A hilarious and touching trip back to high school
If the names Charlie Townsend and Kelly Garrett mean anything to you, if you can picture the lead singer from Wham!, if you have pulled on a pair of leg warmers or rolled on thick layers of Bonne Bell, then allow me to introduce you to your new BFF, The Aqua Net Diaries: Big Hair, Big Dreams, Small Town. Award-winning author Jennifer Niven has written a memoir that brings readers back to the 1980s, plunks us down in her Midwestern high school and delights us with the trials and tribulations of coming of age as a small town girl with big city dreams. As Niven writes, "Life was innocent, good. There was angst, but it mostly involved having a bad hair day, finding the next party, worrying about saying and doing the right thing, wrestling with geometric theorems, trying not to die of boredom, and wanting to be noticed by the one boy we all loved more than anything.It was a time when anything was possible."
Readers profit from Niven's propensity to be a pack rat. Amazingly, she has saved notes passed during class as well as journal entries, poems, songs and novellas she wrote, and even transcripts of phone conversations. The inclusion of these rare fossils of adolescent revelry and angst add immeasurable verity to her memoir. Down to the smallest detail - such as her pre-teen description of her canopy bed "with removable posts on top that make really good microphones" - Niven gifts readers with long-forgotten artifacts of teenage life. And she presents it all with laugh-out-loud, acerbic wit that brings to mind the style of David Sedaris. "I was the All-American girl living in the All-American City. But from the moment we moved to Richmond, I knew I would get out one day and go someplace bigger and faster, someplace where wild hogs didn't roam the streets and where men didn't eat the bark off trees."
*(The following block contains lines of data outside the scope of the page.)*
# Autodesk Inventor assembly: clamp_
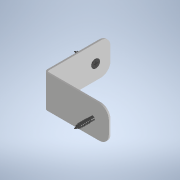
[picture p0: Inventor's stored thumbnail of the model, 180x180]
Saved by Autodesk Inventor 2021 (Build 250183000, 183)
## iProperties
Created: 2021-07-10
Part Number: clamp_
Document SubType Name: Assembly
Designer: TARUN
Author: TARUN
## Documents named in this file (3)
- G:\Exploration\Team8_new\clamp_.iam
- G:\Exploration\Team8_new\clamp.ipt
- G:\Exploration\Team8_new\screws.ipt
## Components (3 placed, 2 different names)
1. clamp:1 — Mate:1, Flush:1, Mate:2, Flush:2
2. screws:1 — Mate:2, Flush:2
3. screws:2 — Mate:1, Flush:1
## Relationships (4: Mate 2, Flush 2)
- Mate:1: clamp:1 ↔ screws:2
- Flush:1 (-0.5 mm): clamp:1 ↔ screws:2
- Mate:2: clamp:1 ↔ screws:1
- Flush:2 (-0.5 mm): clamp:1 ↔ screws:1
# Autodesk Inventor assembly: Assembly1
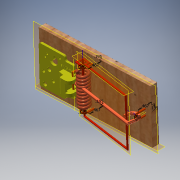
[picture p0: Inventor's stored thumbnail of the model, 180x180]
Saved by Autodesk Inventor 2016 (Build 200138000, 138)
## iProperties
Created: 2017-11-15
Part Number: Assembly1
Document SubType Name: Assembly
Designer: sun01147
Author: sun01147
## Documents named in this file (8)
- E:\IED7_SunT\IED7_MouseTrap\Assembly1.iam
- E:\IED7_SunT\IED7_MouseTrap\Sun_BaseStaple.ipt
- E:\IED7_SunT\IED7_MouseTrap\Sun_LargeStaple.ipt
- E:\IED7_SunT\IED7_MouseTrap\Sun_SmallStaple.ipt
- E:\IED7_SunT\IED7_MouseTrap\Sun_Hammer.ipt
- E:\IED7_SunT\IED7_MouseTrap\Sun_CatchLever.ipt
- E:\IED7_SunT\IED7_MouseTrap\Sun_Coil.ipt
- E:\IED7_SunT\IED7_MouseTrap\Catch (1).ipt
## Components (9 placed, 7 different names)
1. Sun_BaseStaple:1 — Insert:1, Insert:2, Insert:3, Insert:4, Mate:1, Mate:2, Mate:4, Mate:5, Flush:1, Angle:1
2. Sun_LargeStaple:1 — Insert:1, Mate:5
3. Sun_SmallStaple:1 — Insert:2, Mate:1, Mate:6, Mate:8
4. Sun_SmallStaple:2 — Insert:4, Mate:4
5. Sun_SmallStaple:3 — Insert:3, Mate:2
6. Sun_Hammer:1 — Mate:6, Mate:7, Mate:8, Mate:9, Flush:1, Angle:1
7. Sun_CatchLever:1
8. Sun_Coil:1 — Mate:7, Mate:9
9. Catch (1):1
## Relationships (14: Mate 8, Insert 4, Flush 1, Angle 1)
- Insert:1: Sun_BaseStaple:1 ↔ Sun_LargeStaple:1
- Insert:2: Sun_BaseStaple:1 ↔ Sun_SmallStaple:1
- Insert:3: Sun_BaseStaple:1 ↔ Sun_SmallStaple:3
- Insert:4: Sun_BaseStaple:1 ↔ Sun_SmallStaple:2
- Mate:1: Sun_BaseStaple:1 ↔ Sun_SmallStaple:1
- Mate:2: Sun_BaseStaple:1 ↔ Sun_SmallStaple:3
- Mate:4: Sun_BaseStaple:1 ↔ Sun_SmallStaple:2
- Mate:5: Sun_BaseStaple:1 ↔ Sun_LargeStaple:1
- Mate:6: Sun_SmallStaple:1 ↔ Sun_Hammer:1
- Mate:7: Sun_Hammer:1 ↔ Sun_Coil:1
- Mate:8: Sun_SmallStaple:1 ↔ Sun_Hammer:1
- Mate:9: Sun_Hammer:1 ↔ Sun_Coil:1
- Flush:1 (45.72 mm): Sun_BaseStaple:1 ↔ Sun_Hammer:1
- Angle:1 (10 deg): Sun_BaseStaple:1 ↔ Sun_Hammer:1
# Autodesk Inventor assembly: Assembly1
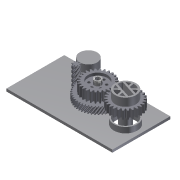
[picture p0: Inventor's stored thumbnail of the model, 180x180]
Saved by Autodesk Inventor 2012 (Build 160160000, 160)
## iProperties
Created: 2017-01-26
Part Number: Assembly1
Document SubType Name: Assembly
Designer: omaro
Author: omaro
## Documents named in this file (12)
- D:\Researches\Gate Motor Gears\_V2\Assembly1.iam
- D:\Researches\Gate Motor Gears\_V2\Casing.ipt
- D:\Researches\Gate Motor Gears\_V2\HelicalGearShaft.ipt
- D:\Researches\Gate Motor Gears\_V2\Assembly1\Design Accelerator\Spur Gears1.iam
- D:\Researches\Gate Motor Gears\_V2\Assembly1\Design Accelerator\Spur Gears2.iam
- D:\Researches\Gate Motor Gears\_V2\HelicalRiser.ipt
- D:\Researches\Gate Motor Gears\_V2\Assembly1\Design Accelerator\Spur Gears3.iam
- D:\Researches\Gate Motor Gears\_V2\DrivingShaft.ipt
- D:\Researches\Gate Motor Gears\_V2\annoyingGear.ipt
- D:\Researches\Gate Motor Gears\_V2\Cover.ipt
- D:\Researches\Gate Motor Gears\_V2\BigGear.iam
- D:\Researches\Gate Motor Gears\_V2\PinionGear.iam
## Components (11 placed, 9 different names)
1. Casing:1 — Mate:1, Mate:2, Mate:5, Mate:6, Mate:8, Mate:11, Mate:12, Flush:2, Flush:3, Mate:27, Mate:29
2. HelicalGearShaft:1 — Mate:1, Mate:2, Mate:7, Mate:21, Mate:23, Mate:25, Mate:26
3. Spur Gears:1 [sub-assembly] — Mate:23, Mate:24
4. Spur Gears:2 [sub-assembly] — Mate:5, Mate:6
5. HelicalRiser:1 — Mate:7, Mate:8, Flush:4
6. Spur Gears:3 [sub-assembly] — Flush:4, Mate:24, Mate:25
7. DrivingShaft:1 — Mate:11, Mate:12, Mate:20
8. annoyingGear:1 — Flush:2
9. Cover:1 — Mate:20, Mate:21, Flush:3, Mate:28
10. BigGear:1 [sub-assembly] — Mate:26, Mate:27, Rotation:1
11. PinionGear:1 [sub-assembly] — Mate:28, Mate:29, Rotation:1
## Relationships (21: Mate 17, Flush 3, RelateRotation 1)
- Mate:1: Casing:1 ↔ HelicalGearShaft:1
- Mate:2 (10 mm): Casing:1 ↔ HelicalGearShaft:1
- Mate:5: Casing:1 ↔ Spur Gears:2
- Mate:6: Casing:1 ↔ Spur Gears:2
- Mate:7: HelicalGearShaft:1 ↔ HelicalRiser:1
- Mate:8: Casing:1 ↔ HelicalRiser:1
- Mate:11: Casing:1 ↔ DrivingShaft:1
- Mate:12 (-6.2 mm): Casing:1 ↔ DrivingShaft:1
- Flush:2: Casing:1 ↔ annoyingGear:1
- Mate:20: DrivingShaft:1 ↔ Cover:1
- Mate:21: HelicalGearShaft:1 ↔ Cover:1
- Flush:3 (-3 mm): Casing:1 ↔ Cover:1
- Flush:4 (3 mm): HelicalRiser:1 ↔ Spur Gears:3
- Mate:23: HelicalGearShaft:1 ↔ Spur Gears:1
- Mate:24: Spur Gears:1 ↔ Spur Gears:3
- Mate:25: HelicalGearShaft:1 ↔ Spur Gears:3
- Mate:26: HelicalGearShaft:1 ↔ BigGear:1
- Mate:27: Casing:1 ↔ BigGear:1
- Mate:28: Cover:1 ↔ PinionGear:1
- Mate:29: Casing:1 ↔ PinionGear:1
- Rotation:1 [RelateRotation] (1 ul): BigGear:1 ↔ PinionGear:1

The Aqua Net Diaries guides readers in a look back on carefree days when complicated meant passing notes under the steely gaze of the Russian Lit. teacher and the worst day ever was reading "Jennifer McJunkin is a ho bag" on the bathroom stall. A time before life's tangible disappointments began to carve away at the person you thought you would become. A time when you might still become a rock star. The author presents the memories of her desperate yearning to escape this prototypical (aka, boring) Midwestern high school through the lens of a sentimental adult with equal yearning to return to the luxurious selfishness and complex simplicity of teenage life. Niven captures this loves-me, loves-me-not juxtaposition with perfect pitch.
Quill says: Take a hilarious and touching trip back to high school in the smart and sassy hands of Jennifer Niven!